Svolgimento del processo

Il Tribunale di Sassari, con ordinanza del 18.6.2009, in accoglimento delle istanze di riesame proposte nell’interesse di R.A. ed altri, annullava il decreto 9.5.2009 con cui il G.I.P. di quello stesso Tribunale aveva disposto il sequestro preventivo di svariati lotti di un terreno sito in agro del Comune di (OMISSIS), nell’ambito di un procedimento penale instaurato nei confronti di 256 persone, indagate per il reato di cui: al D.P.R. n. 380 del 2001, art. 30 e art. 44, lett. c), perchè, in concorso tra loro, quali soci della s.r.l. "Liberturist" e proprietari del terreno classificato nel piano regolatore generale del Comune di Alghero come zona H3 di "salvaguardia assoluta ed ecologica", acquistando le singole piazzole nelle quali il terreno era stato frazionato, ponevano in essere una lottizzazione abusiva, in quanto trasformavano urbanisticamente il territorio da zona H3 in un insediamento abitativo stabile a vocazione turistico-residenziale, in contrasto con le prescrizioni del PRG e delle sue norme di attuazione;

trasformazione urbanistica che avveniva prima attraverso il frazionamento a scopo edilizio del terreno in circa 250 piazzole (di estensione variabile da 100 a 200 mq., a seconda delle quote di partecipazione societaria poste in vendita), successivamente dalla vendita delle stesse nell’arco di diversi anni e fino all’attualità e, infine, nella realizzazione di opere edilizie quali viabilità interna, prefabbricati ad uso abitativo di varie tipologie, locali deposito, roulotte, caravan di fatto inamovibili ubicate su piazzole cementiticate e pavimentate e coperte da strutture ombreggiami di varia natura ed estensione, nonchè munite di attacchi elettrici e idraulici oltre ad impianti igienici.
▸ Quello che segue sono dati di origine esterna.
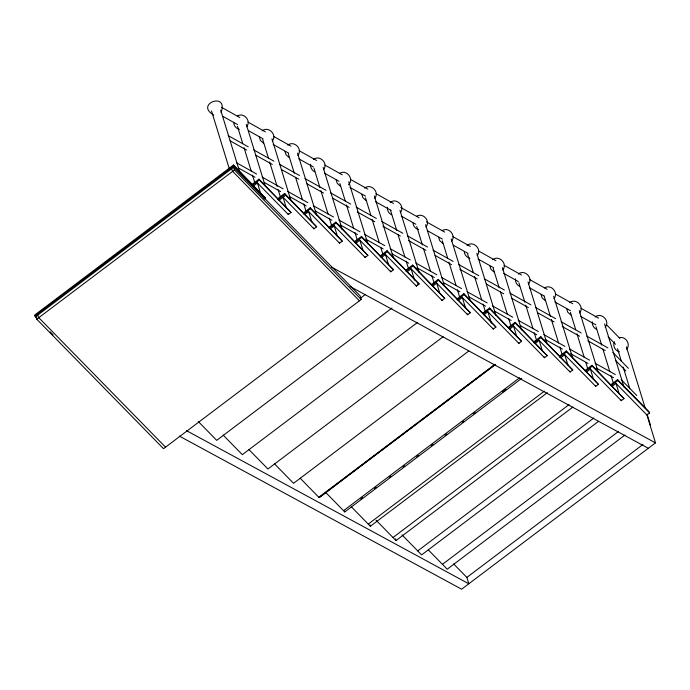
<?xml version="1.0" encoding="UTF-8"?>
<svg xmlns="http://www.w3.org/2000/svg" width="690" height="690" viewBox="0 0 690 690"><rect width="100%" height="100%" fill="white"/><g stroke="black" fill="none" stroke-linecap="round" stroke-linejoin="round"><path stroke-width="1.03" d="M310.586 164.315C310.215 167.385 311.923 170.525 314.744 171.819M387.426 207.267C387.047 210.338 388.763 213.477 391.575 214.78M515.49 278.863C515.111 281.934 516.827 285.074 519.639 286.367M592.322 321.816C591.951 324.887 593.659 328.026 596.479 329.328M605.234 327.224C610.486 321.014 601.395 311.811 595.116 316.995M614.462 341.748C612.427 345.724 615.161 350.934 619.473 351.814M221.041 112.444C228.977 91.356 194.106 103.836 213.779 115.066M246.658 126.762C251.591 120.948 243.743 111.909 237.3 116.041M272.274 141.079C277.527 134.869 268.436 125.666 262.157 130.85M297.882 155.405C303.143 149.187 294.044 139.984 287.773 145.167M323.498 169.723C328.751 163.504 319.66 154.31 313.381 159.485M374.722 198.358C379.974 192.139 370.884 182.945 364.605 188.12M400.329 212.675C405.591 206.465 396.491 197.262 390.221 202.446M425.946 226.993C430.879 221.18 423.03 212.141 416.588 216.272M451.553 241.319C456.495 235.497 448.638 226.458 442.195 230.589M477.17 255.636C482.431 249.418 473.331 240.215 467.052 245.398M502.777 269.954C508.038 263.735 498.948 254.541 492.669 259.716M528.393 284.271C533.655 278.053 524.555 268.859 518.285 274.034M554.01 298.589C558.943 292.776 551.086 283.737 544.643 287.868M579.617 312.906C584.879 306.696 575.779 297.494 569.509 302.677M626.736 349.192C631.005 344.138 625.537 335.771 619.189 337.738M348.485 184.739C354.505 179.271 346.647 168.903 339.747 173.319M232.91 166.549L264.537 198.849L265.434 198.168L233.531 164.97L34.5 315.209L36.95 318.323M34.776 316.106L233.806 165.867L233.531 164.97M35.475 316.822L233.608 167.265L234.445 169.99L361.215 299.469L163.53 448.69L36.76 319.211L35.923 316.486M36.76 319.211L234.445 169.99M252.126 184.334L259 179.15L291.042 212.494L288.351 214.521L256.585 182.082M252.298 185.325L259.285 180.047L259 179.15M253.437 185.946L257.422 182.936L260.57 193.166M264.537 198.849L264.253 197.952L265.158 197.271M277.742 198.66L284.616 193.467L316.658 226.812L313.967 228.839L283.038 197.254L286.497 208.509M278.018 199.557L284.892 194.364L284.616 193.467M279.053 200.264L285.729 195.218M303.359 212.977L310.233 207.785L342.266 241.129L339.575 243.165L307.809 210.717M303.522 213.96L310.509 208.682L310.233 207.785M304.661 214.581L308.654 211.571L311.794 221.801M328.966 227.295L335.84 222.102L367.882 255.447L365.191 257.482L333.425 225.035M329.13 228.278L336.116 223.008L335.84 222.102M330.277 228.899L334.262 225.889L337.41 236.127M354.582 241.612L361.457 236.42L393.49 269.764L390.799 271.8L359.041 239.352M354.746 242.595L361.733 237.326L361.457 236.42M355.885 243.225L359.878 240.215L363.026 250.444M380.19 255.93L387.064 250.746L419.106 284.082L416.415 286.117L384.649 253.679M380.354 256.913L387.34 251.643L387.064 250.746M381.501 257.543L385.486 254.532L388.634 264.762M360.301 298.304L365.459 294.414M405.806 270.247L412.68 265.064L444.714 298.399L442.023 300.435L410.265 267.996M405.97 271.23L412.956 265.961L412.68 265.064M407.109 271.86L411.102 268.85L414.561 280.106M417.485 284.202L418.83 283.185M391.929 308.085L216.712 440.349L198.306 421.547M431.414 284.573L438.288 279.381L470.33 312.725L467.639 314.752L435.873 282.314M431.578 285.557L438.564 280.278L438.288 279.381M432.725 286.178L436.71 283.167L439.858 293.397M417.545 322.403L242.328 454.667L223.18 435.114M457.03 298.891L463.904 293.699L495.938 327.043L493.247 329.07L461.489 296.631M457.194 299.874L464.18 294.596L463.904 293.699M458.332 300.495L462.326 297.485L465.474 307.714M443.152 336.72L267.936 468.984L248.797 449.432M482.638 313.208L489.512 308.016L521.554 341.36L518.863 343.396L487.097 310.949M483.664 313.545L489.788 308.913L489.512 308.016M483.949 314.812L487.934 311.802L491.401 323.058M468.769 351.038L293.552 483.302L274.404 463.749M508.254 327.526L515.128 322.334L547.17 355.678L544.47 357.713L512.713 325.266M509.28 327.862L515.404 323.239L515.128 322.334M509.556 329.139L513.55 326.12L516.698 336.358M318.823 497.274L494.894 364.363M347.45 476.031L319.16 497.619L495.239 364.708M349.166 474.729L375.791 454.632M377.508 453.339L417.873 422.866M419.589 421.573L495.179 364.518M533.862 341.843L540.736 336.651L572.778 369.995L570.087 372.031L538.321 339.584M534.025 342.827L541.02 337.557L540.736 336.651M535.173 343.456L539.157 340.446L542.306 350.675M343.542 510.686L519.622 377.775M360.879 498.913L362.595 497.619M374.618 488.537L376.335 487.243M389.22 477.523L390.937 476.221M402.96 467.147L404.676 465.854M416.708 456.771L418.425 455.478M431.302 445.749L433.027 444.455M445.05 435.381L446.766 434.079M462.222 422.409L463.947 421.116M473.392 413.983L475.108 412.689M502.596 391.937L506.029 389.35M325.732 492.488L344.776 511.937L521.709 378.379M559.478 356.161L566.352 350.977L598.394 384.313L595.694 386.348L563.937 353.91M559.642 357.144L566.628 351.874L566.352 350.977M560.78 357.774L564.774 354.764L567.922 364.993M368.27 524.098L544.341 391.187M351.279 506.745L370.383 526.254L547.317 392.705M585.094 370.478L591.968 365.295L624.002 398.639L621.311 400.666L589.545 368.227M585.258 371.462L592.244 366.192L591.968 365.295M586.397 372.091L590.39 369.081L593.529 379.31M392.998 537.51L569.069 404.599M376.093 520.243L396 540.581L572.933 407.022M610.71 384.796L617.576 379.612L649.342 412.051L649.618 412.956L646.927 414.983L655.5 442.868L461.627 589.208L179.34 436.08M610.874 385.779L617.852 380.509L617.576 379.612M612.013 386.409L615.998 383.399L619.456 394.654M417.717 550.922L593.797 418.011M598.541 421.34L421.607 554.898L401.951 534.81M442.445 564.334L618.516 431.423M625.019 435.011L447.224 569.216L428.248 549.835M186.516 430.663L468.812 583.792L466.854 577.418L642.925 444.507M239.396 129.392C236.36 128.676 233.884 125.934 233.746 122.786M418.683 229.623C415.647 228.907 413.172 226.165 413.034 223.017M469.907 258.258C466.871 257.543 464.396 254.8 464.258 251.652M331.528 267.125L655.5 442.868M349.925 286.419L648.315 448.284M221.499 107.295L239.792 117.524M248.029 122.121L265.409 131.842M273.637 136.439L291.016 146.159M299.253 150.765L316.632 160.477M324.869 165.083L342.249 174.794M350.477 179.4L367.856 189.112M376.093 193.718L393.473 203.438M400.787 207.526L419.08 217.755M426.403 221.844L444.696 232.073M452.925 236.679L470.304 246.39M478.541 250.996L495.92 260.708M504.149 265.314L521.528 275.025M529.765 279.631L547.144 289.343M555.372 293.949L572.752 303.669M581.04 308.292L598.566 318.099M222.861 116.351L237.498 124.536M248.478 130.669L263.114 138.854M273.171 144.477L288.722 153.171M298.787 158.795L313.424 166.98M324.395 173.121L339.031 181.298M350.011 187.439L365.562 196.133M375.619 201.756L391.17 210.45M401.235 216.074L415.872 224.259M427.766 230.9L442.393 239.085M453.373 245.226L468.01 253.403M478.075 259.026L493.626 267.72M503.683 273.352L518.319 281.529M529.299 287.67L543.936 295.846M554.907 301.987L570.457 310.681M580.747 316.434L595.798 324.843M228.148 135.594L248.271 146.841M253.756 149.911L273.878 161.158M279.372 164.229L299.495 175.476M304.98 178.546L326.025 190.311M330.596 192.864L350.718 204.119M356.204 207.181L376.335 218.437M381.82 221.499L402.856 233.263M407.428 235.825L427.559 247.072M433.044 250.142L453.166 261.389M458.66 264.46L478.782 275.707M484.268 278.777L504.39 290.024M509.884 293.095L530.92 304.859M535.492 307.412L555.614 318.668M561.108 321.738L581.23 332.985M586.733 336.065L607.864 347.872M230.201 140.889L246.666 150.092M255.809 155.207L272.274 164.41M281.425 169.524L298.805 179.245M307.033 183.842L323.498 193.045M332.649 198.159L349.114 207.371M357.342 211.968L374.722 221.688M382.959 226.286L400.338 236.006M408.566 240.603L425.954 250.323M435.097 255.438L451.562 264.641M459.799 269.247L477.178 278.958M486.321 284.073L503.7 293.793M511.937 298.39L528.402 307.602M537.545 312.717L554.01 321.92M562.246 326.517L579.626 336.237M587.828 340.826L605.13 350.494M236.506 162.771L256.628 174.018M262.122 177.089L283.159 188.853M287.73 191.406L307.852 202.662M313.346 205.724L333.468 216.979M338.954 220.05L359.999 231.805M364.57 234.367L384.692 245.614M390.178 248.685L410.309 259.932M415.794 263.002L436.83 274.767M441.41 277.32L461.532 288.575M467.018 291.637L487.14 302.893M492.634 305.963L512.756 317.21M518.242 320.281L538.364 331.528M543.858 334.598L564.894 346.363M569.466 348.916L589.588 360.163M595.099 363.242L615.308 374.541M238.559 168.067L255.024 177.27M264.175 182.384L280.64 191.596M289.783 196.702L306.248 205.913M315.399 211.028L331.864 220.231M340.092 224.828L357.472 234.548M365.709 239.154L383.088 248.866M392.239 253.98L408.696 263.183M416.933 267.789L434.312 277.501M443.463 282.615L459.928 291.827M469.071 296.942L485.536 306.144M494.687 311.259L511.152 320.462M520.295 325.577L536.76 334.779M544.996 339.385L562.376 349.097M570.604 353.703L587.984 363.414M596.186 368.003L613.496 377.68M570.863 315.011L567.775 312.216L566.706 308.93M545.255 300.693L542.159 297.899L541.089 294.613M494.023 272.05L490.935 269.255L489.866 265.969M442.799 243.415L439.711 240.62L438.642 237.334M365.967 200.454L362.871 197.668L361.81 194.382M340.351 186.136L337.263 183.35L336.194 180.064M289.127 157.501L286.039 154.707L284.97 151.421M263.52 143.184L260.423 140.389L259.362 137.103M606.398 324.628L619.853 338.367M608.132 336.763L615.489 344.276M612.798 352.392L628.426 368.356M615.523 360.37L625.865 370.927M621.155 379.578L636.792 395.543M617.852 380.509L649.618 412.956M615.161 382.545L646.927 414.983M592.244 366.192L624.002 398.639M566.628 351.874L598.394 384.313M541.02 337.557L572.778 369.995M515.404 323.239L547.17 355.678M489.788 308.913L521.554 341.36M464.18 294.596L495.938 327.043M438.564 280.278L470.33 312.725M412.956 265.961L444.714 298.399M387.34 251.643L419.106 284.082M361.733 237.326L393.49 269.764M336.116 223.008L367.882 255.447M310.509 208.682L342.266 241.129M284.892 194.364L316.658 226.812M259.285 180.047L291.042 212.494M233.806 165.867L265.434 198.168M264.253 197.952L360.094 295.838L361.215 299.469M231.115 167.903L232.651 171.344L359.421 300.823M453.649 563.937L466.854 577.418M300.176 478.222L319.16 497.619M37.243 314.243L38.778 317.685L165.548 447.163M50.198 331.864L53.147 334.874M626.382 346.889L645.202 408.04M647.082 414.155L650.532 425.368M617.516 348.7L621.276 360.93M623.156 367.046L629.746 388.453M604.569 323.903L624.01 387.099M621.034 399.769L621.311 400.666M596.013 326.732L601.654 345.086M602.913 349.157L609.813 371.582M611.064 375.662L613.263 382.795M579.272 310.603L598.083 371.763M595.418 385.451L595.694 386.348M570.397 312.415L575.727 329.742M576.987 333.822L584.197 357.265M585.767 362.362L587.647 368.477M553.656 296.286L572.786 358.464M569.811 371.134L570.087 372.031M544.16 296.062L550.43 316.443M551.37 319.505L558.59 342.947M559.84 347.027L562.039 354.16M528.048 281.969L547.17 344.146M544.194 356.808L544.47 357.713M518.863 282.762L524.823 302.125M525.763 305.187L532.973 328.63M534.224 332.709L536.734 340.86M502.432 267.642L521.562 329.82M518.587 342.49L518.863 343.396M493.247 268.445L499.206 287.808M500.466 291.887L507.357 314.312M508.616 318.383L510.807 325.525M476.816 253.325L495.946 315.502M492.97 328.173L493.247 329.07M467.639 254.118L473.28 272.472M474.539 276.543L481.749 299.995M483 304.066L485.51 312.225M451.208 239.007L470.019 300.167M467.363 313.855L467.639 314.752M442.342 240.819L447.672 258.146M448.923 262.226L456.133 285.669M457.392 289.748L459.902 297.907M425.592 224.69L444.412 285.85M441.747 299.538L442.023 300.435M416.726 226.501L422.375 244.855M423.626 248.926L430.526 271.351M431.776 275.431L434.286 283.581M399.984 210.372L419.115 272.55M416.139 285.22L416.415 286.117M390.488 210.148L396.759 230.529M398.009 234.609L404.909 257.034M406.169 261.113L408.359 268.246M374.368 196.055L393.188 257.215M390.523 270.903L390.799 271.8M365.502 197.866L370.832 215.194M372.091 219.273L379.302 242.716M380.871 247.814L382.752 253.929M348.761 181.737L367.891 243.915M364.915 256.577L365.191 257.482M339.894 183.549L345.224 200.876M346.475 204.956L353.685 228.399M354.945 232.47L357.135 239.611M323.144 167.411L342.274 229.589M339.299 242.259L339.575 243.165M313.967 168.205L319.919 187.577M320.859 190.63L328.078 214.081M329.328 218.152L331.838 226.311M297.537 153.094L316.658 215.271M313.683 227.941L313.967 228.839M288.351 153.887L294.311 173.259M295.562 177.33L302.462 199.755M303.721 203.835L306.222 211.994M395.465 538.847L396 540.581M271.92 138.776L291.051 200.954M288.075 213.624L288.351 214.521M262.743 139.57L268.384 157.915M269.635 161.995L277.164 186.455M278.105 189.517L280.614 197.668M370.013 525.038L370.383 526.254M246.313 124.459L265.124 185.619M237.438 126.27L242.768 143.598M244.027 147.677L251.238 171.12M252.497 175.2L254.998 183.35M344.56 511.23L344.776 511.937M220.697 110.141L239.508 171.301M211.511 110.935L229.391 169.033"/></g></svg>

Rilevava, tra l’altro, in proposito il tribunale:

a) che nella fattispecie in esame, le opere indicate nell’imputazione provvisoria sono state sicuramente "iniziate" in un tempo assai remoto e, anche a voler sostenere che taluna di esse sia iniziata nel periodo attuale, non è dato conoscere quali e quante opere aventi carattere lottizzatorio sono state realizzate "almeno in epoca recente";

b) che – nessuno tra gli indagati, almeno sul piano formale, può ritenersi proprietario del terreno di cui si tratta oppure di frazione di esso, perchè l’intera estensione territoriale già assoggettata a sequestro è di proprietà della s.r.l. "Liberturist", che ha sempre e soltanto trasferito e ceduto quote ideali di partecipazione alla società, mentre l’equiparazione della quota ideale alla proprietà di un lotto ben definito appare, allo stato, mera congettura del tutto indimostrata; c) che per il principio dell’accessione è la società proprietaria del suolo che è divenuta proprietaria anche dei manufatti edificati dai singoli soci su specifiche porzioni del terreno; d) che il frazionamento in singole piazzole è stato effettuato in data antecedente al 17 marzo 1985, sicchè non può essere applicata la disciplina posta dal D.P.R. n. 380 del 2001, art. 30 stante l’esclusione espressamente prevista dal comma 10 di detto articolo ed in una situazione in cui l’accusa non ha individuato specificamente quali violazioni siano state poste in essere nel periodo di vigenza della disciplina attuale.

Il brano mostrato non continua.